The first thing we add to our script is to tell python what modules we will be using. We will be using the module re . We will be using re (Regular Expressions) to do fast searches so we need to tell Python the load in that module using the import insstruction

We then hardcode in the Start/End of Frame tags we will be searching for. FFD8FFE0 and FFD9. The format of them may look a little strange but basically it is in a hex byte string format. ie each hex byte is preceed with \x. The reason we do this is because the the file we read in will be in that format so it is easier to search for these tags in this format.

import re

JPEG_SOF = b'\xFF\xD8\xFF\xE0'JPEG_EOF = b'\xFF\xD9
JPEG_EOF = b'\xFF\xD9' 

Next we want to read in our file we want to search through. We could pass in the filename as an argument but as we are trying to be simple we will hardcode the filename it into our code. We use the open command with the name of the file we are carving from. We will use the date file Carve1.bin from the previus blog.  https://github.com/thehexninja/BlogDownloads/blob/master/Carve1.bin

We use the 'rb' format indicating we want to read 'r' a binary 'b' file. The open command returns a reference to out file call a file object we call file_obj. Next we read the whole file into a variable call data. Don't try this with a massive file. We will show in later posts files how to read in big files. We then want to close the file which releases the reference to it so other programs can access it. Also make sure the file Carve1.bin i is in the same directory as the python script, otherwise we have to add path information to the filename.
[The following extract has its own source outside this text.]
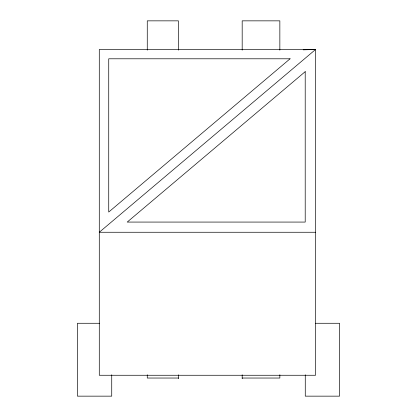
<?xml version="1.0" encoding="UTF-8"?>
<svg xmlns="http://www.w3.org/2000/svg" width="417" height="417" viewBox="0 0 417 417"><rect width="100%" height="100%" fill="white"/><g stroke="black" fill="none" stroke-linecap="round" stroke-linejoin="round"><path stroke-width="0.63" d="M303.206 49.837L315.544 49.508L315.544 375.264L99.288 375.264L99.288 49.508L315.544 49.508L99.288 232.259L315.544 232.259M99.434 323.274L77.437 323.274L77.437 396.15L111.73 396.15L111.73 374.794M315.622 323.274L339.563 323.274L339.563 396.15L305.27 396.15L305.27 374.794M178.413 378.037L147.264 378.037L147.264 374.784M242.183 378.037L279.849 378.037L279.849 374.784M279.849 50.155L279.849 20.85L242.183 20.85L242.183 50.155M242.183 374.815L242.183 378.714M178.413 50.155L178.413 20.85L147.264 20.85L147.264 50.155M178.413 374.815L178.413 378.714M290.081 58.792L108.733 212.044L108.733 58.792L290.081 58.792M305.208 71.661L127.216 222.073L305.208 222.073L305.208 71.661"/></g></svg>

file_obj=open('Carve1.bin','rb')
data=file_obj.read()
file_obj.close()

This seems all pretty straightforward.

No we have our data loaded in memory we can perform our search. This is where we use the re module. Basically we want to get a list of all the offsets in the data where we find our tags. The following commands returns a list of these offsets.

SOF_list=[match.start() for match in re.finditer(re.escape(JPEG_SOF),data)]
EOF_list=[match.start() for match in re.finditer(re.escape(JPEG_EOF),data)]

If we run the script so far we can check what we have found.


>>> SOF_list
[4696]
>>> EOF_list
[11747]

So we have found the SOF tag at byte offset 4696 and the EOF tag at 11747.

Now all that is left for us to do is to get the data between these offset and save it to a file. We will write the code assuming their could be more hits so we can loop through all the we can carve all the images in one go.

So we need a counter variable we will call i we use to go through the lists. We then use a for loop to go through the SOF_list. We then want to get the jpeg image data from the hex byte string we read in from the file. We can do it simply by subdata=data[start:end]. So now we have the data we just need to save it to a file. As before I like to name the file and include the start offset and end offset in the name of the file. We do this with 
carve_filename="Carve1_"+str(SOF)+"_"+str(EOF_list[i])+".jpg"

Now we just open that file with the 'wb' - write binary format. We update i with i=i+1 to then refernce the next EOF_list offset. And we do a print statement to give some feedback to the user.

i=0for SOF in SOF_list:
    subdata=data[SOF:EOF_list[i]+2]
    carve_filename="Carve1_"+str(SOF)+"_"+str(EOF_list[i])+".jpg" 
    carve_obj=open(carve_filename,'wb')
    carve_obj.write(subdata)
    carve_obj.close()
    i=i+1    print ("Found an image and carving it to "+carve_filename)

 So that should do it. We can now save this file call it jpeg_carve.py and run it.


 Great it works .. so lets check the carved file.


And we are done. A 17 line image carver!